# Melamine - what else can be used for a heat cord?



## Em1986 (Aug 12, 2011)

Hi guys, i am setting up temporary housing for a childrens python.
I was just wondering what else can be used to put the heat cord on/in other than melamine? Can raw MDF have channels routed into it to hold the heat cord safely? Is there any real difference in safety between MDF and melamine?
I am worried about the heat cord burning the material or damaging it as i do not wish to have a burnt heat cord holder, melted tub or burnt/dead snake.
The heat cord will be on a thermostat but it still worries me.
Any help would be great, thanks


----------



## Snowman (Aug 12, 2011)

I just weave them through a bit of wire mesh and put a tile on top. Works a treat.


----------



## Em1986 (Aug 12, 2011)

Snowman said:


> I just weave them through a bit of wire mesh and put a tile on top. Works a treat.



That sounds sooooooo much easier and less 'perminant' than the chanel idea! 

It will be sitting on the top of a melamine enclosure (down the cooler end as to not produce extra heat above my light fittings inside the enclosure) and then i was going to get a piece of melamine or MDF if it is safe and sit it on top of the enclosure then the heat cord (in the chanels with aluminium tape and possibly sand) then the tubs on top. 
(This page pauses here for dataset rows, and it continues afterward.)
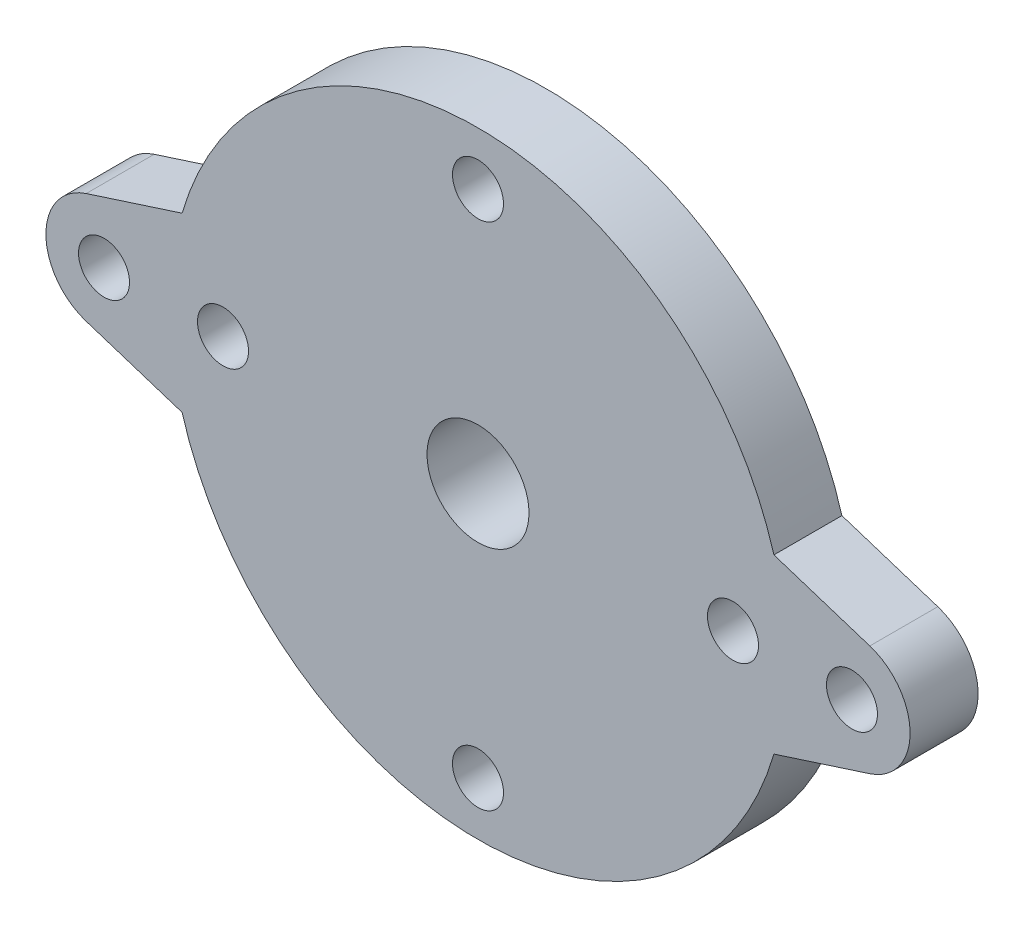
ISO-10303-21;
HEADER;
FILE_DESCRIPTION(('STEP AP214'),'2;1');
FILE_NAME('part.step','',(''),(''),'','','');
FILE_SCHEMA(('AUTOMOTIVE_DESIGN { 1 0 10303 214 1 1 1 1 }'));
ENDSEC;
DATA;
#1=APPLICATION_CONTEXT('core data for automotive mechanical design processes');
#2=APPLICATION_PROTOCOL_DEFINITION('international standard','automotive_design',2000,#1);
#3=PRODUCT_CONTEXT('',#1,'mechanical');
#4=PRODUCT('Part','Part','',(#3));
#5=PRODUCT_RELATED_PRODUCT_CATEGORY('part','',(#4));
#6=PRODUCT_DEFINITION_FORMATION('','',#4);
#7=PRODUCT_DEFINITION_CONTEXT('part definition',#1,'design');
#8=PRODUCT_DEFINITION('design','',#6,#7);
#9=PRODUCT_DEFINITION_SHAPE('','',#8);
#10=(LENGTH_UNIT() NAMED_UNIT(*) SI_UNIT(.MILLI.,.METRE.));
#11=(NAMED_UNIT(*) PLANE_ANGLE_UNIT() SI_UNIT($,.RADIAN.));
#12=(NAMED_UNIT(*) SI_UNIT($,.STERADIAN.) SOLID_ANGLE_UNIT());
#13=UNCERTAINTY_MEASURE_WITH_UNIT(LENGTH_MEASURE(1.E-05),#10,'distance_accuracy_value','');
#14=(GEOMETRIC_REPRESENTATION_CONTEXT(3) GLOBAL_UNCERTAINTY_ASSIGNED_CONTEXT((#13)) GLOBAL_UNIT_ASSIGNED_CONTEXT((#10,
#11,#12)) REPRESENTATION_CONTEXT('',''));
#15=CARTESIAN_POINT('',(0.,0.,0.));
#16=DIRECTION('',(0.,0.,1.));
#17=DIRECTION('',(1.,0.,0.));
#18=AXIS2_PLACEMENT_3D('',#15,#16,#17);
#19=CARTESIAN_POINT('',(-22.,0.,4.));
#20=DIRECTION('',(0.,0.,-1.));
#21=DIRECTION('',(-1.,0.,0.));
#22=AXIS2_PLACEMENT_3D('',#19,#20,#21);
#23=CYLINDRICAL_SURFACE('',#22,1.5);
#24=CARTESIAN_POINT('',(-22.,0.,4.));
#25=DIRECTION('',(0.,0.,-1.));
#26=DIRECTION('',(-1.,0.,0.));
#27=AXIS2_PLACEMENT_3D('',#24,#25,#26);
#28=CIRCLE('',#27,1.5);
#29=CARTESIAN_POINT('',(-23.5,0.,4.));
#30=VERTEX_POINT('',#29);
#31=EDGE_CURVE('E197',#30,#30,#28,.T.);
#32=ORIENTED_EDGE('',*,*,#31,.F.);
#33=EDGE_LOOP('',(#32));
#34=FACE_BOUND('',#33,.T.);
#35=CARTESIAN_POINT('',(-22.,0.,0.2));
#36=DIRECTION('',(0.,0.,-1.));
#37=DIRECTION('',(-1.,0.,0.));
#38=AXIS2_PLACEMENT_3D('',#35,#36,#37);
#39=CIRCLE('',#38,1.5);
#40=CARTESIAN_POINT('',(-23.5,0.,0.2));
#41=VERTEX_POINT('',#40);
#42=EDGE_CURVE('E41',#41,#41,#39,.F.);
#43=ORIENTED_EDGE('',*,*,#42,.F.);
#44=EDGE_LOOP('',(#43));
#45=FACE_BOUND('',#44,.T.);
#46=ADVANCED_FACE('F37',(#34,#45),#23,.F.);
#47=CARTESIAN_POINT('',(22.,0.,4.));
#48=DIRECTION('',(0.,0.,-1.));
#49=DIRECTION('',(-1.,0.,0.));
#50=AXIS2_PLACEMENT_3D('',#47,#48,#49);
#51=CYLINDRICAL_SURFACE('',#50,1.5);
#52=CARTESIAN_POINT('',(22.,0.,4.));
#53=DIRECTION('',(0.,0.,-1.));
#54=DIRECTION('',(-1.,0.,0.));
#55=AXIS2_PLACEMENT_3D('',#52,#53,#54);
#56=CIRCLE('',#55,1.5);
#57=CARTESIAN_POINT('',(20.5,0.,4.));
#58=VERTEX_POINT('',#57);
#59=EDGE_CURVE('E141',#58,#58,#56,.T.);
#60=ORIENTED_EDGE('',*,*,#59,.F.);
#61=EDGE_LOOP('',(#60));
#62=FACE_BOUND('',#61,.T.);
#63=CARTESIAN_POINT('',(22.,0.,0.2));
#64=DIRECTION('',(0.,0.,-1.));
#65=DIRECTION('',(-1.,0.,0.));
#66=AXIS2_PLACEMENT_3D('',#63,#64,#65);
#67=CIRCLE('',#66,1.5);
#68=CARTESIAN_POINT('',(20.5,0.,0.2));
#69=VERTEX_POINT('',#68);
#70=EDGE_CURVE('E165',#69,#69,#67,.F.);
#71=ORIENTED_EDGE('',*,*,#70,.F.);
#72=EDGE_LOOP('',(#71));
#73=FACE_BOUND('',#72,.T.);
#74=ADVANCED_FACE('F231',(#62,#73),#51,.F.);
#75=CARTESIAN_POINT('',(3.12028176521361,9.67942031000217,4.));
#76=DIRECTION('',(-0.306814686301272,-0.951769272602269,0.));
#77=DIRECTION('',(0.951769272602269,-0.306814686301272,0.));
#78=AXIS2_PLACEMENT_3D('',#75,#76,#77);
#79=PLANE('',#78);
#80=DIRECTION('',(-0.951769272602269,0.306814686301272,0.));
#81=VECTOR('',#80,1.);
#82=CARTESIAN_POINT('',(3.12028176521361,9.67942031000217,0.));
#83=LINE('',#82,#81);
#84=CARTESIAN_POINT('',(23.0493062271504,3.25505091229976,0.));
#85=VERTEX_POINT('',#84);
#86=CARTESIAN_POINT('',(17.4077918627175,5.07366337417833,0.));
#87=VERTEX_POINT('',#86);
#88=EDGE_CURVE('E138',#85,#87,#83,.T.);
#89=ORIENTED_EDGE('',*,*,#88,.T.);
#90=DIRECTION('',(0.,0.,-1.));
#91=VECTOR('',#90,1.);
#92=CARTESIAN_POINT('',(17.4077918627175,5.07366337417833,4.));
#93=LINE('',#92,#91);
#94=CARTESIAN_POINT('',(17.4077918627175,5.07366337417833,4.));
#95=VERTEX_POINT('',#94);
#96=EDGE_CURVE('E11',#95,#87,#93,.T.);
#97=ORIENTED_EDGE('',*,*,#96,.F.);
#98=DIRECTION('',(-0.951769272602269,0.306814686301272,0.));
#99=VECTOR('',#98,1.);
#100=CARTESIAN_POINT('',(3.12028176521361,9.67942031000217,4.));
#101=LINE('',#100,#99);
#102=CARTESIAN_POINT('',(23.0493062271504,3.25505091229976,4.));
#103=VERTEX_POINT('',#102);
#104=EDGE_CURVE('E156',#103,#95,#101,.T.);
#105=ORIENTED_EDGE('',*,*,#104,.F.);
#106=DIRECTION('',(0.,0.,-1.));
#107=VECTOR('',#106,1.);
#108=CARTESIAN_POINT('',(23.0493062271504,3.25505091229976,4.));
#109=LINE('',#108,#107);
#110=EDGE_CURVE('E56',#103,#85,#109,.T.);
#111=ORIENTED_EDGE('',*,*,#110,.T.);
#112=EDGE_LOOP('',(#89,#97,#105,#111));
#113=FACE_BOUND('',#112,.T.);
#114=ADVANCED_FACE('F39',(#113),#79,.F.);
#115=CARTESIAN_POINT('',(0.,0.,4.));
#116=DIRECTION('',(0.,0.,-1.));
#117=DIRECTION('',(-1.,0.,0.));
#118=AXIS2_PLACEMENT_3D('',#115,#116,#117);
#119=CYLINDRICAL_SURFACE('',#118,18.1321062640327);
#120=CARTESIAN_POINT('',(0.,0.,0.));
#121=DIRECTION('',(0.,0.,1.));
#122=DIRECTION('',(1.,0.,0.));
#123=AXIS2_PLACEMENT_3D('',#120,#121,#122);
#124=CIRCLE('',#123,18.1321062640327);
#125=CARTESIAN_POINT('',(-17.4077918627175,5.07366337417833,0.));
#126=VERTEX_POINT('',#125);
#127=EDGE_CURVE('E140',#87,#126,#124,.T.);
#128=ORIENTED_EDGE('',*,*,#127,.T.);
#129=DIRECTION('',(0.,0.,-1.));
#130=VECTOR('',#129,1.);
#131=CARTESIAN_POINT('',(-17.4077918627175,5.07366337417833,4.));
#132=LINE('',#131,#130);
#133=CARTESIAN_POINT('',(-17.4077918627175,5.07366337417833,4.));
#134=VERTEX_POINT('',#133);
#135=EDGE_CURVE('E47',#134,#126,#132,.T.);
#136=ORIENTED_EDGE('',*,*,#135,.F.);
#137=CARTESIAN_POINT('',(0.,0.,4.));
#138=DIRECTION('',(0.,0.,1.));
#139=DIRECTION('',(1.,0.,0.));
#140=AXIS2_PLACEMENT_3D('',#137,#138,#139);
#141=CIRCLE('',#140,18.1321062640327);
#142=EDGE_CURVE('E94',#95,#134,#141,.T.);
#143=ORIENTED_EDGE('',*,*,#142,.F.);
#144=ORIENTED_EDGE('',*,*,#96,.T.);
#145=EDGE_LOOP('',(#128,#136,#143,#144));
#146=FACE_BOUND('',#145,.T.);
#147=ADVANCED_FACE('F628',(#146),#119,.T.);
#148=CARTESIAN_POINT('',(-3.12028176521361,9.67942031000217,4.));
#149=DIRECTION('',(-0.306814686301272,0.951769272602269,0.));
#150=DIRECTION('',(-0.951769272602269,-0.306814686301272,0.));
#151=AXIS2_PLACEMENT_3D('',#148,#149,#150);
#152=PLANE('',#151);
#153=DIRECTION('',(0.951769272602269,0.306814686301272,0.));
#154=VECTOR('',#153,1.);
#155=CARTESIAN_POINT('',(-3.12028176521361,9.67942031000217,0.));
#156=LINE('',#155,#154);
#157=CARTESIAN_POINT('',(-23.0493062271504,3.25505091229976,0.));
#158=VERTEX_POINT('',#157);
#159=EDGE_CURVE('E144',#158,#126,#156,.T.);
#160=ORIENTED_EDGE('',*,*,#159,.F.);
#161=DIRECTION('',(0.,0.,-1.));
#162=VECTOR('',#161,1.);
#163=CARTESIAN_POINT('',(-23.0493062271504,3.25505091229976,4.));
#164=LINE('',#163,#162);
#165=CARTESIAN_POINT('',(-23.0493062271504,3.25505091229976,4.));
#166=VERTEX_POINT('',#165);
#167=EDGE_CURVE('E163',#166,#158,#164,.T.);
#168=ORIENTED_EDGE('',*,*,#167,.F.);
#169=DIRECTION('',(0.951769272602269,0.306814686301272,0.));
#170=VECTOR('',#169,1.);
#171=CARTESIAN_POINT('',(-3.12028176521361,9.67942031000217,4.));
#172=LINE('',#171,#170);
#173=EDGE_CURVE('E205',#166,#134,#172,.T.);
#174=ORIENTED_EDGE('',*,*,#173,.T.);
#175=ORIENTED_EDGE('',*,*,#135,.T.);
#176=EDGE_LOOP('',(#160,#168,#174,#175));
#177=FACE_BOUND('',#176,.T.);
#178=ADVANCED_FACE('F337',(#177),#152,.T.);
#179=CARTESIAN_POINT('',(-22.,0.,4.));
#180=DIRECTION('',(0.,0.,-1.));
#181=DIRECTION('',(-1.,0.,0.));
#182=AXIS2_PLACEMENT_3D('',#179,#180,#181);
#183=CYLINDRICAL_SURFACE('',#182,3.42);
#184=CARTESIAN_POINT('',(-22.,0.,0.));
#185=DIRECTION('',(0.,0.,1.));
#186=DIRECTION('',(1.,0.,0.));
#187=AXIS2_PLACEMENT_3D('',#184,#185,#186);
#188=CIRCLE('',#187,3.42);
#189=CARTESIAN_POINT('',(-23.0493062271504,-3.25505091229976,0.));
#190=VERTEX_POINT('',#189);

Thanks for the tip, may give that a go 

So therefore will MDF still be safe to use???
Someone please answer me, i want to get this done but don't have any spare melamine laying around but i do have raw MDF.


----------



## Snowman (Aug 13, 2011)

Should be fine.


----------



## Em1986 (Aug 13, 2011)

Thanks Snowman 

I know that melamine is just a laminate coating over either chip board/MDF/particle board but i wasn't sure if it gave the material any extra safety even though the laminate will be removed from where the heat cord goes anyway (i sound really silly but everyone must use melamine over raw MDF etc for a reason right). 
The only thing i guess i would have to be careful of would be to get it wet but i don't see how that would happen if it's just the tubs sitting on top of it.
Thanks heaps for the re-assurance!


----------



## BigWillieStyles (Aug 13, 2011)

This is what I will be doing - Stick a heatcord between two ceramic tiles. Seal them up with silicon. Have a small hole somewhere to allow heat to escape. You could cover the tile with substrate or leave it exposed and it will act as a hot rock. You must use a thermostat to control the temp and to ensure the tile doesnt overheat.


----------



## Dan40D (Aug 14, 2011)

Raw MDF is fine, i have my heatcords routed into raw MDF with tiles over the top, works like a charm.


----------



## Em1986 (Aug 14, 2011)

Dan40D said:


> Raw MDF is fine, i have my heatcords routed into raw MDF with tiles over the top, works like a charm.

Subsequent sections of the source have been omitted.